[Data]

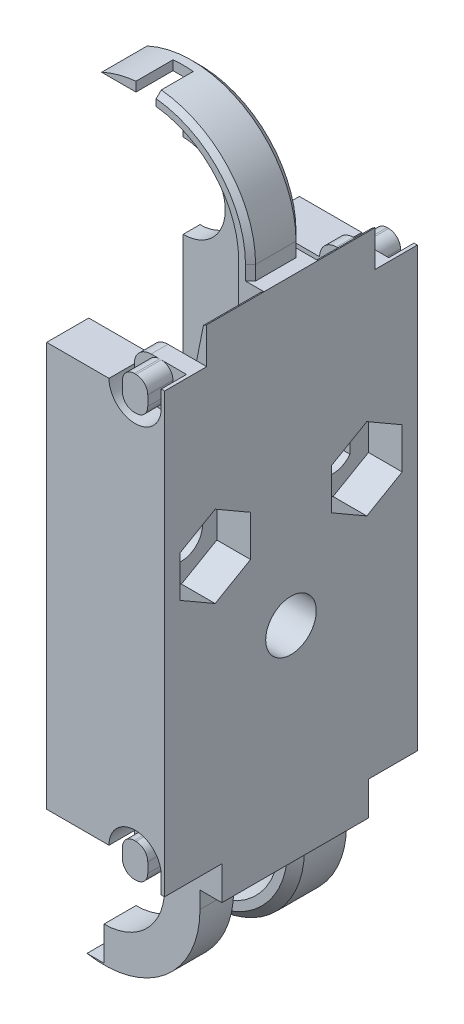
SolidWorks part; units mm, degrees
ref_plane "前视基准面" through (0, 0, 0) normal (0, 0, 1) x (1, 0, 0)
ref_plane "上视基准面" through (0, 0, 0) normal (0, 1, 0) x (1, 0, 0)
ref_plane "右视基准面" through (0, 0, 0) normal (1, 0, 0) x (0, 0, -1)
other "Configuration Table"
sketch "草图1" plane through (0, 0, 0) normal (0, 0, 1) x (1, 0, 0)
  line L0 (6.2, 9) -> (6.2, 0) construction
  line L1 (0, 0) -> (12.4, 0)
  line L2 (0, 0) -> (0, 9)
  line L4 (12.4, 0) -> (12.4, 9)
  arc A0 (0, 9) -> (12.4, 9) centre (6.2, 9) cw
  circle A1 centre (6.2, 9) radius 2.5
  circle A2 centre (1.95, 3.5) radius 0.65
  circle A3 centre (10.45, 3.5) radius 0.65
  dimension "D1" = 12.4
  dimension "D3" = 5
  dimension "D4" = 1.3
  dimension "D2" = 9
  dimension "D5" = 8.5
  dimension "D6" = 5.5
extrude "凸台-拉伸1" add sketch "草图1" along normal blind 1
sketch "草图2" plane through (0, 0, 1) normal (0, 0, 1) x (1, 0, 0)
  line L0 (0.7, 9) -> (0.7, 0)
  line L1 (0, 0) -> (12.4, 0) construction
  line L2 (11.7, 9) -> (11.7, 0)
  line L6 (0, 9) -> (0, 0)
  line L7 (0, 0) -> (12.4, 0)
  line L8 (12.4, 0) -> (12.4, 9)
  line L9 (0, 9) -> (0, 0)
  line L10 (0, 0) -> (12.4, 0)
  line L11 (12.4, 0) -> (12.4, 9)
  circle A0 centre (6.2, 9) radius 5.5
  arc A2 (12.4, 9) -> (0, 9) centre (6.2, 9) ccw
  arc A3 (12.4, 9) -> (0, 9) centre (6.2, 9) ccw
  line M5 (0, 9) -> (0, 0)
  line M6 (0, 0) -> (12.4, 0)
  line M7 (12.4, 0) -> (12.4, 9)
  arc M8 (12.4, 9) -> (0, 9) centre (6.2, 9) ccw
  dimension "D1" = 11
  dimension "D2" = 0
extrude "凸台-拉伸2" add sketch "草图2" along normal blind 2.2 contours A0 L2 L0 M6 M7 M8 M5 region at (0.5038, 4.5, 1)
sketch "草图3" plane through (0, 0, 3.2) normal (0, 0, 1) x (1, 0, 0)
  line L0 (6.2, 0) -> (6.2, 14.5) construction
  line L1 (5.6, 15.6668) -> (6.8, 15.6668)
  line L2 (5.6, 15.6668) -> (5.6, 13.6792)
  line L3 (5.6, 13.6792) -> (6.8, 13.6792)
  line L4 (6.8, 15.6668) -> (6.8, 13.6792)
  line L5 (0.7, 0) -> (11.7, 0) construction
  arc A0 (11.7, 9) -> (0.7, 9) centre (6.2, 9) ccw construction
  dimension "D1" = 1.2
extrude "切除-拉伸1" cut sketch "草图3" against normal up to surface (2.2 mm away) up to face at (6.2, 5.875, 1)
sketch "草图16" plane through (0, 0, 3.2) normal (0, 0, 1) x (1, 0, 0)
  line L0 (6.2, 0) -> (6.2, 15.1709) construction
  line L2 (13.2, 0) -> (-0.8, 0)
  line L3 (13.2, 0) -> (13.2, 5)
  line L4 (13.2, 5) -> (-0.8, 5)
  line L5 (6.8, 14.4672) -> (6.8, 15.1709)
  line L6 (5.6, 15.1709) -> (5.6, 14.4672)
  line L7 (0.7, 9) -> (0.7, 0)
  line L8 (0.7, 0) -> (11.7, 0)
  line L9 (11.7, 0) -> (11.7, 9)
  line L10 (6.8, 14.4672) -> (6.8, 15.1709)
  line L11 (5.6, 15.1709) -> (5.6, 14.4672)
  line L12 (0.7, 9) -> (0.7, 0)
  line L13 (0.7, 0) -> (11.7, 0)
  line L14 (11.7, 0) -> (11.7, 9)
  line L15 (-0.8, 0) -> (-0.8, 5)
  line L16 (-0.8, 0) -> (13.2, 0)
  line L17 (-0.8, 0) -> (-0.8, -19)
  line L18 (-0.8, -19) -> (13.2, -19)
  line L19 (13.2, 0) -> (13.2, -19)
  arc A3 (11.7, 9) -> (6.8, 14.4672) centre (6.2, 9) ccw
  arc A4 (6.8, 15.1709) -> (5.6, 15.1709) centre (6.2, 9) ccw
  arc A5 (5.6, 14.4672) -> (0.7, 9) centre (6.2, 9) ccw
  arc A6 (11.7, 9) -> (6.8, 14.4672) centre (6.2, 9) ccw
  arc A7 (6.8, 15.1709) -> (5.6, 15.1709) centre (6.2, 9) ccw
  arc A8 (5.6, 14.4672) -> (0.7, 9) centre (6.2, 9) ccw
  line M18 (11.7, 0) -> (12.4, 0)
  line M19 (12.4, 0) -> (12.4, 9)
  dimension "D2" = 5
  dimension "D3" = 14
  dimension "D4" = 19
  dimension "D1" = 0
extrude "凸台-拉伸11" add sketch "草图16" along normal blind 5.9 and the other way blind 9.1 contours L19 L2 L16 L17 L18 M18 | L15 L2 L12 L4 | L3 L4 L2 M19 region at (6.2, -9.5, 3.2) region at (12.8, 2.5, 3.2) region at (-0.05, 2.5, 3.2)
sketch "草图17" plane through (0, 0, -5.9) normal (0, 0, -1) x (-1, 0, 0)
  line L8 (-13.2, 5) -> (-13.2, -19)
  line L9 (-13.2, -19) -> (0.8, -19)
  line L10 (0.8, -19) -> (0.8, 5)
  line L11 (0.8, 5) -> (-0.7, 5)
  line L12 (-0.7, 5) -> (-0.7, 0)
  line L13 (-0.7, 0) -> (-12.4, 0)
  line L14 (-12.4, 0) -> (-12.4, 5)
  line L15 (-12.4, 5) -> (-13.2, 5)
  line L16 (-13.2, 5) -> (-13.2, -19)
  line L17 (-13.2, -19) -> (0.8, -19)
  line L18 (0.8, -19) -> (0.8, 5)
  line L19 (0.8, 5) -> (-0.7, 5)
  line L20 (-0.7, 5) -> (-0.7, 0)
  line L21 (-0.7, 0) -> (-12.4, 0)
  line L22 (-12.4, 0) -> (-12.4, 5)
  line L23 (-12.4, 5) -> (-13.2, 5)
  arc A1 (-11.9, 9) -> (-0.5, 9) centre (-6.2, 9) ccw
  circle A2 centre (-6.2, 9) radius 7.7
  line M14 (-0.7, 0) -> (-12.4, 0)
  line M15 (-12.4, 0) -> (-12.4, 5)
  dimension "D1" = 2
  dimension "D2" = 0
extrude "凸台-拉伸12" add sketch "草图17" against normal up to surface (5.9 mm away) contours A2 L20 M15 M14 region at (6.8572, 1.2193, -5.9) up to face at (5.5143, 5.6, 0)
sketch "草图18" plane through (0, 0, 9.1) normal (0, 0, 1) x (1, 0, 0)
  line L8 (13.2, -19) -> (13.2, 5)
  line L9 (13.2, 5) -> (12.4, 5)
  line L10 (12.4, 5) -> (12.4, 0)
  line L11 (12.4, 0) -> (0.7, 0)
  line L12 (0.7, 0) -> (0.7, 5)
  line L13 (0.7, 5) -> (-0.8, 5)
  line L14 (-0.8, 5) -> (-0.8, -19)
  line L15 (-0.8, -19) -> (13.2, -19)
  line L16 (13.2, -19) -> (13.2, 5)
  line L17 (13.2, 5) -> (12.4, 5)
  line L18 (12.4, 5) -> (12.4, 0)
  line L19 (12.4, 0) -> (0.7, 0)
  line L20 (0.7, 0) -> (0.7, 5)
  line L21 (0.7, 5) -> (-0.8, 5)
  line L22 (-0.8, 5) -> (-0.8, -19)
  line L23 (-0.8, -19) -> (13.2, -19)
  arc A1 (0.5, 9) -> (11.9, 9) centre (6.2, 9) ccw
  circle A2 centre (6.2, 9) radius 7.7
  line M12 (12.4, 0) -> (0.7, 0)
  line M13 (0.7, 0) -> (0.7, 5)
  dimension "D1" = 2
  dimension "D2" = 0
extrude "凸台-拉伸13" add sketch "草图18" against normal blind 5.1 contours A2 L18 M13 M12 region at (6.8572, 1.2193, 9.1)
sketch "草图19" plane through (-0.8, 0, 0) normal (-1, 0, 0) x (0, 0, 1)
  line L0 (-5.9, 4.4338) -> (-5.9, 1.3) construction
  line L1 (-5.9, 5) -> (-3.4, 5)
  line L2 (-5.9, 5) -> (-5.9, 1.3)
  line L3 (-5.9, 1.3) -> (-3.4, 1.3)
  line L4 (-3.4, 5) -> (-3.4, 1.3)
  line L5 (9.1, 5) -> (6.6, 5)
  line L6 (9.1, 5) -> (9.1, 1.3)
  line L7 (9.1, 1.3) -> (6.6, 1.3)
  line L8 (6.6, 5) -> (6.6, 1.3)
  line L9 (-5.9, 4.4338) -> (-5.9, 1.3)
  line M5 (9.1, -19) -> (9.1, 5)
  line M6 (9.1, 5) -> (-5.9, 5)
  line M7 (-5.9, 5) -> (-5.9, -19)
  dimension "D1" = 2.5
  dimension "D2" = 2.5
extrude "凸台-拉伸14" add sketch "草图19" against normal up to surface (14 mm away) contours L8 L7 M6 M5 | L4 L2 L3 M6 M7 region at (-0.8, 3.15, 7.85) region at (-0.8, 3.15, -4.65) up to face at (13.2, -7, 1.6)
ref_plane "基准面2" through (0, 0, 1.6) normal (0, 0, -1) x (-1, 0, 0)
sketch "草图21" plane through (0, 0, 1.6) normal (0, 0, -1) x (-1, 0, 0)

[/Data]

* **Work to be completed**: Transcribe exactly, and only, the lines from the one bearing "line L23 (-0.8, -19) -> (13.2, -19)" through the last line of the entries, counting both.

* **Result**:
  line L23 (-0.8, -19) -> (13.2, -19)
  arc A1 (0.5, 9) -> (11.9, 9) centre (6.2, 9) ccw
  circle A2 centre (6.2, 9) radius 7.7
  line M12 (12.4, 0) -> (0.7, 0)
  line M13 (0.7, 0) -> (0.7, 5)
  dimension "D1" = 2
  dimension "D2" = 0
extrude "凸台-拉伸13" add sketch "草图18" against normal blind 5.1 contours A2 L18 M13 M12 region at (6.8572, 1.2193, 9.1)
sketch "草图19" plane through (-0.8, 0, 0) normal (-1, 0, 0) x (0, 0, 1)
  line L0 (-5.9, 4.4338) -> (-5.9, 1.3) construction
  line L1 (-5.9, 5) -> (-3.4, 5)
  line L2 (-5.9, 5) -> (-5.9, 1.3)
  line L3 (-5.9, 1.3) -> (-3.4, 1.3)
  line L4 (-3.4, 5) -> (-3.4, 1.3)
  line L5 (9.1, 5) -> (6.6, 5)
  line L6 (9.1, 5) -> (9.1, 1.3)
  line L7 (9.1, 1.3) -> (6.6, 1.3)
  line L8 (6.6, 5) -> (6.6, 1.3)
  line L9 (-5.9, 4.4338) -> (-5.9, 1.3)
  line M5 (9.1, -19) -> (9.1, 5)
  line M6 (9.1, 5) -> (-5.9, 5)
  line M7 (-5.9, 5) -> (-5.9, -19)
  dimension "D1" = 2.5
  dimension "D2" = 2.5
extrude "凸台-拉伸14" add sketch "草图19" against normal up to surface (14 mm away) contours L8 L7 M6 M5 | L4 L2 L3 M6 M7 region at (-0.8, 3.15, 7.85) region at (-0.8, 3.15, -4.65) up to face at (13.2, -7, 1.6)
ref_plane "基准面2" through (0, 0, 1.6) normal (0, 0, -1) x (-1, 0, 0)
sketch "草图21" plane through (0, 0, 1.6) normal (0, 0, -1) x (-1, 0, 0)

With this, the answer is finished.